Excerpts from a dataset:
━━━━━━━━━━━━━━━━━━━━━━━━━━━━━━

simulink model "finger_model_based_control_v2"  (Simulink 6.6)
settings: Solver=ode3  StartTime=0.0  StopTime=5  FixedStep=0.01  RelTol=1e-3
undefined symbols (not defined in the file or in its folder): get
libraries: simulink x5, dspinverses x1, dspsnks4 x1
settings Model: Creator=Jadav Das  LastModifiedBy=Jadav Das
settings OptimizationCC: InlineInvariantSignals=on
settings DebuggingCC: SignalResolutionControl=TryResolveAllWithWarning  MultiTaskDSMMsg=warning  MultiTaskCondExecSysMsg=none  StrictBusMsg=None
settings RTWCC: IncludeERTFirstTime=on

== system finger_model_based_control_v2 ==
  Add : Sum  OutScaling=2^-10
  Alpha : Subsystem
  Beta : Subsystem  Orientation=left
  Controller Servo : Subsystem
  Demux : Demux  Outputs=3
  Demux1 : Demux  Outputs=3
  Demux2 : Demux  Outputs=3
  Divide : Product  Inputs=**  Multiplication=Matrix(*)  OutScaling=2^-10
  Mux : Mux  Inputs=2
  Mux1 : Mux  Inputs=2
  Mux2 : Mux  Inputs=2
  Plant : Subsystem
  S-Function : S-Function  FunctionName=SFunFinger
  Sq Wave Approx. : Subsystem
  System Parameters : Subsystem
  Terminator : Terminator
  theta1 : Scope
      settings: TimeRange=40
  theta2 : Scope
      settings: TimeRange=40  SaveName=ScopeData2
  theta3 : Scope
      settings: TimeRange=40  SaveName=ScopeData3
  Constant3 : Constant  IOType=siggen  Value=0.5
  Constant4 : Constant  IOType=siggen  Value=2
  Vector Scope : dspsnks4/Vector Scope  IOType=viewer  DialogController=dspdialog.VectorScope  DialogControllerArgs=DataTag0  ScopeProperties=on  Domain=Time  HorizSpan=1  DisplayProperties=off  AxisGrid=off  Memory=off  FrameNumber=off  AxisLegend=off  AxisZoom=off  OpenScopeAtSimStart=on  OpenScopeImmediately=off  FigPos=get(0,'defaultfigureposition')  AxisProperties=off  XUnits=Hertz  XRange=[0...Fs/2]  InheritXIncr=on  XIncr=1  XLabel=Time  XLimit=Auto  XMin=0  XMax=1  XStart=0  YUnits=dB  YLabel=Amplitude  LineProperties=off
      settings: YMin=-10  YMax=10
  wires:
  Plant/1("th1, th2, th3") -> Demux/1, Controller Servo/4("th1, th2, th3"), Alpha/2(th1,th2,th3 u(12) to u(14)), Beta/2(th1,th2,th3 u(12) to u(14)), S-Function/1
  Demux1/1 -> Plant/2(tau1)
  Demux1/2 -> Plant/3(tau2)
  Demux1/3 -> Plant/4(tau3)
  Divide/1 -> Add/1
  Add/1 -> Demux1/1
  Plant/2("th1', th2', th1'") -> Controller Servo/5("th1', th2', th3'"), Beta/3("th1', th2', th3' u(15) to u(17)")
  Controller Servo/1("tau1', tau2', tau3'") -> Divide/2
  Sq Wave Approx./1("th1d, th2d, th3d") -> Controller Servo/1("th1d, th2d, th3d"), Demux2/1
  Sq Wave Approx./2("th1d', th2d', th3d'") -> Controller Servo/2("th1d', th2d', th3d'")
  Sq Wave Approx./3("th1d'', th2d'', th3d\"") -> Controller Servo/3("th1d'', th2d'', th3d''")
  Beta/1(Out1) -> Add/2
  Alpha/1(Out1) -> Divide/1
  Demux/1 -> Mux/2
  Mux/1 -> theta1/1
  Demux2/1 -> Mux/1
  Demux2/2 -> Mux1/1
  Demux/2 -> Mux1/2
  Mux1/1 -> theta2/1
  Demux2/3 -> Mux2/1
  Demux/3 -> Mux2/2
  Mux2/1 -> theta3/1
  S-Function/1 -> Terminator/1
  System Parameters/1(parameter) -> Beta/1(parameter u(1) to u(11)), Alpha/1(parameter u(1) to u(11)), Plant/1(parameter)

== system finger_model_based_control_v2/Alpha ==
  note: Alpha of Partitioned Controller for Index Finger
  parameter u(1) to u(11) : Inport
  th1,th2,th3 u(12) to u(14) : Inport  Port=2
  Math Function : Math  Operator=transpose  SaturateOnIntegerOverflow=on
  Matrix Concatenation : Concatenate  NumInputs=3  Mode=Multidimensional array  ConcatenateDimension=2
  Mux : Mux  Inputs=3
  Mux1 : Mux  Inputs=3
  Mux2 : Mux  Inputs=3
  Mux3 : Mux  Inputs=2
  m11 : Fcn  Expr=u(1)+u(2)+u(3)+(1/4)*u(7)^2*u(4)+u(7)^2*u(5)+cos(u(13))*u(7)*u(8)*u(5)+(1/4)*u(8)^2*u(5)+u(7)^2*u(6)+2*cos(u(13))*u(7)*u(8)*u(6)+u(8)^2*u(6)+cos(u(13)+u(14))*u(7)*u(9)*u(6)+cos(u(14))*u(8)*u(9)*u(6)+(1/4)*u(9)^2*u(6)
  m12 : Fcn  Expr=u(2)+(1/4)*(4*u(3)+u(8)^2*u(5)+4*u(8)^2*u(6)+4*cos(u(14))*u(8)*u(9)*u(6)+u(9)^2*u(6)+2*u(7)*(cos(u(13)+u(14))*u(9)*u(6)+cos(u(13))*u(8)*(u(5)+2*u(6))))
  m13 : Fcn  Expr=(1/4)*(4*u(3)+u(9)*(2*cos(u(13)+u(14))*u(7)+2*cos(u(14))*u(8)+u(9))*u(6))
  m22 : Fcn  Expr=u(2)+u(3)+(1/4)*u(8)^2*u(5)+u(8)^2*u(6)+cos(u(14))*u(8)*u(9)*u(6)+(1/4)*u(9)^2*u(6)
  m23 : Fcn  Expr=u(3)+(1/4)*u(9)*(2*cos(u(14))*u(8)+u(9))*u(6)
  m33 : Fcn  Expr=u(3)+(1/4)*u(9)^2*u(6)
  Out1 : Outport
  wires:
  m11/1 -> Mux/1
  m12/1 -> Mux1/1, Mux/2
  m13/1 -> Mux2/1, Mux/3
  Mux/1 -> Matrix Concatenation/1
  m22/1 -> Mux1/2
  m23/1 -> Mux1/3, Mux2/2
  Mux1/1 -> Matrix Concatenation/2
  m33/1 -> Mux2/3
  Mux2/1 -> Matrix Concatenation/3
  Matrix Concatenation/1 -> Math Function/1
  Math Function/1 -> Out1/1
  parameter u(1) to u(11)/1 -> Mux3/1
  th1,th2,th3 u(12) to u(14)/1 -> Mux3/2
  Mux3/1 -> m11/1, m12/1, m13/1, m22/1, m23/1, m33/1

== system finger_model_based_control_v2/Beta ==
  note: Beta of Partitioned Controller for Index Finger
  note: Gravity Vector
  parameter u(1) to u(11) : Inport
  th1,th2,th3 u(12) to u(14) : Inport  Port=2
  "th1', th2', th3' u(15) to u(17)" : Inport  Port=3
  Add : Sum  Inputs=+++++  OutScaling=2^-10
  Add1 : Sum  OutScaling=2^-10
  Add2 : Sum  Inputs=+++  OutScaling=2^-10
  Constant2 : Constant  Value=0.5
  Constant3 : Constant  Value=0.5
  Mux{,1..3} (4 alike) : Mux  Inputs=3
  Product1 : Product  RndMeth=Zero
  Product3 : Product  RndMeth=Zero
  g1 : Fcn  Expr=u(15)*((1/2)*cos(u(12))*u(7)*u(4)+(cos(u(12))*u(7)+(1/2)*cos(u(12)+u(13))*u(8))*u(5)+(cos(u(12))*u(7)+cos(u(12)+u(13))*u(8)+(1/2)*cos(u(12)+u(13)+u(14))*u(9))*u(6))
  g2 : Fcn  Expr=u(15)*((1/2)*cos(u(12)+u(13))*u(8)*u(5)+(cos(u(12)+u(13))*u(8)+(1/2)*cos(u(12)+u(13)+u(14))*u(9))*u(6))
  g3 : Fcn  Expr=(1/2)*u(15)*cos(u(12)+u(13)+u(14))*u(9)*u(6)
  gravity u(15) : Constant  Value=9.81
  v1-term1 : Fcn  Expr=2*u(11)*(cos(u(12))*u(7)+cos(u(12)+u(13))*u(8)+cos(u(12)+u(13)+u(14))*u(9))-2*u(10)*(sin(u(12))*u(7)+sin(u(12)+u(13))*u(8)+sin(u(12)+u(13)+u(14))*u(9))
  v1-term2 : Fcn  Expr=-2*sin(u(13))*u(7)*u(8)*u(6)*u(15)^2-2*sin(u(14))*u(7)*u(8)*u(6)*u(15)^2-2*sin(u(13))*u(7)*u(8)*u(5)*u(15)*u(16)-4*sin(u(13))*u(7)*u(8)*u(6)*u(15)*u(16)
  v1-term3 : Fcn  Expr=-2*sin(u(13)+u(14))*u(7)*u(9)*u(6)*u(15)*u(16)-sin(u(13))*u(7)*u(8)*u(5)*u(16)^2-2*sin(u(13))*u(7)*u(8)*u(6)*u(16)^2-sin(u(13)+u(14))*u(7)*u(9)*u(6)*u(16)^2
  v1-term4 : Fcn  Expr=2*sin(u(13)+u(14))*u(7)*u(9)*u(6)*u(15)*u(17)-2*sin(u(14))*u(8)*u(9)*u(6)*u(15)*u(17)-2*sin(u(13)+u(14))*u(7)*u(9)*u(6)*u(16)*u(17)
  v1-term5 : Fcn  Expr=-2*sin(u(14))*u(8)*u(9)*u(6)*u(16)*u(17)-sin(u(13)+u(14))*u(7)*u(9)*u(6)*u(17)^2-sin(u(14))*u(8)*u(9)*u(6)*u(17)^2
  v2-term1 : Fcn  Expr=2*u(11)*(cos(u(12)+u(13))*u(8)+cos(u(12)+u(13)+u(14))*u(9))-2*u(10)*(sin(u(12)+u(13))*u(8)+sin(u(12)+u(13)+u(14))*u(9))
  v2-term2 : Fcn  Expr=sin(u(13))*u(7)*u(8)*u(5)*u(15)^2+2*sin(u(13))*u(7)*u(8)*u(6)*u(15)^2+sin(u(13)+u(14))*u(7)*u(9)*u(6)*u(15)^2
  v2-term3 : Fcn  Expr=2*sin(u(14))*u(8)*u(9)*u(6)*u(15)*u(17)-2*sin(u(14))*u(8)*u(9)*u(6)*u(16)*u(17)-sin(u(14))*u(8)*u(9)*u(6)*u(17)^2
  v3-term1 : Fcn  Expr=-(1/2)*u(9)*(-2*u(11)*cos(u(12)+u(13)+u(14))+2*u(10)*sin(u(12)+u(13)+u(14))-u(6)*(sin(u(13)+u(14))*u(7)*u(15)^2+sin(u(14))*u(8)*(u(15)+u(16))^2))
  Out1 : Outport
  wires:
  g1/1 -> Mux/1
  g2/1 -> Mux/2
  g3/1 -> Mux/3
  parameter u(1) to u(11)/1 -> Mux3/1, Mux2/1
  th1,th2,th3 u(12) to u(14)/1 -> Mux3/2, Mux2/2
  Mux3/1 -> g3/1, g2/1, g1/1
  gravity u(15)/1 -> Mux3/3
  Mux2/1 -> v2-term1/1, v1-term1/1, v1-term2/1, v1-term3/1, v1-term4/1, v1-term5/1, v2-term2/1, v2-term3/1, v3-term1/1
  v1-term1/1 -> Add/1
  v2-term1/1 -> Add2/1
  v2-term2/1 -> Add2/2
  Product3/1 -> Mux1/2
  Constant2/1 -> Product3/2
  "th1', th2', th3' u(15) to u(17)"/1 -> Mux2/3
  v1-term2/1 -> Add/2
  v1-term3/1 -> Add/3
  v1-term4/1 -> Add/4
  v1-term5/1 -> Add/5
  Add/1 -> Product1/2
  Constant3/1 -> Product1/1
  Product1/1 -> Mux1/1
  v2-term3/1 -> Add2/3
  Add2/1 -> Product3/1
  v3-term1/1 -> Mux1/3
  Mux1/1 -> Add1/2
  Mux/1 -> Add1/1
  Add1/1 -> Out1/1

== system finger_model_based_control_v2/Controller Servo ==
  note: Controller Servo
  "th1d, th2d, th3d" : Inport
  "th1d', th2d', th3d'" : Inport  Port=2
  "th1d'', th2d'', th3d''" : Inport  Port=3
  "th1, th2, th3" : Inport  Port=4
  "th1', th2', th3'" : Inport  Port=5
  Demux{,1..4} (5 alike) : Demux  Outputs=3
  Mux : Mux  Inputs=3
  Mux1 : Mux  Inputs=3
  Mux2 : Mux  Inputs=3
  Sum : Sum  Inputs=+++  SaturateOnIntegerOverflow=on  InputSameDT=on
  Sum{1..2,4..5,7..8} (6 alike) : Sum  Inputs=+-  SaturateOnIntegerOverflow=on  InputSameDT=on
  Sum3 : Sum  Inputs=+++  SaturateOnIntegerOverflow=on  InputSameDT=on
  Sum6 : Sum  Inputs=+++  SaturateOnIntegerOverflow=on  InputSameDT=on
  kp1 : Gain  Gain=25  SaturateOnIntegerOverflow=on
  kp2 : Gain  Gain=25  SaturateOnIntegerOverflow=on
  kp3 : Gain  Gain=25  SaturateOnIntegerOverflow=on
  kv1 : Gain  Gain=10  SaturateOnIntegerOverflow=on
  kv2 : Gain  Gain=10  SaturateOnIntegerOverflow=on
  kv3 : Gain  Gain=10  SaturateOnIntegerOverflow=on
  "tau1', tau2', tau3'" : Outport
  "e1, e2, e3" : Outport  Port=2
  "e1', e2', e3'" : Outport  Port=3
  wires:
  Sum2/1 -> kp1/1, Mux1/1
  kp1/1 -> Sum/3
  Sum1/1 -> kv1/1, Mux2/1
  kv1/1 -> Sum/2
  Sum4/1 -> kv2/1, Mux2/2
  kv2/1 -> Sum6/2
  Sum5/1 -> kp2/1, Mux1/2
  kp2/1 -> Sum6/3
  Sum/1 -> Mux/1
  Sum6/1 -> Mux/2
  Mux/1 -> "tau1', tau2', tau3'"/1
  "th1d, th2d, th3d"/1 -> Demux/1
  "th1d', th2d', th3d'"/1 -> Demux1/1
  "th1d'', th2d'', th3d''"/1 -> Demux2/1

━━━━━━━━━━━━━━━━━━━━━━━━━━━━━━

INSTRUCTIONS FOR THE TASK:
Quote, word for word, every line from the top of the entries through the line that holds "settings OptimizationCC: InlineInvariantSignals=on".

SOLUTION:
simulink model "finger_model_based_control_v2"  (Simulink 6.6)
settings: Solver=ode3  StartTime=0.0  StopTime=5  FixedStep=0.01  RelTol=1e-3
undefined symbols (not defined in the file or in its folder): get
libraries: simulink x5, dspinverses x1, dspsnks4 x1
settings Model: Creator=Jadav Das  LastModifiedBy=Jadav Das
settings OptimizationCC: InlineInvariantSignals=on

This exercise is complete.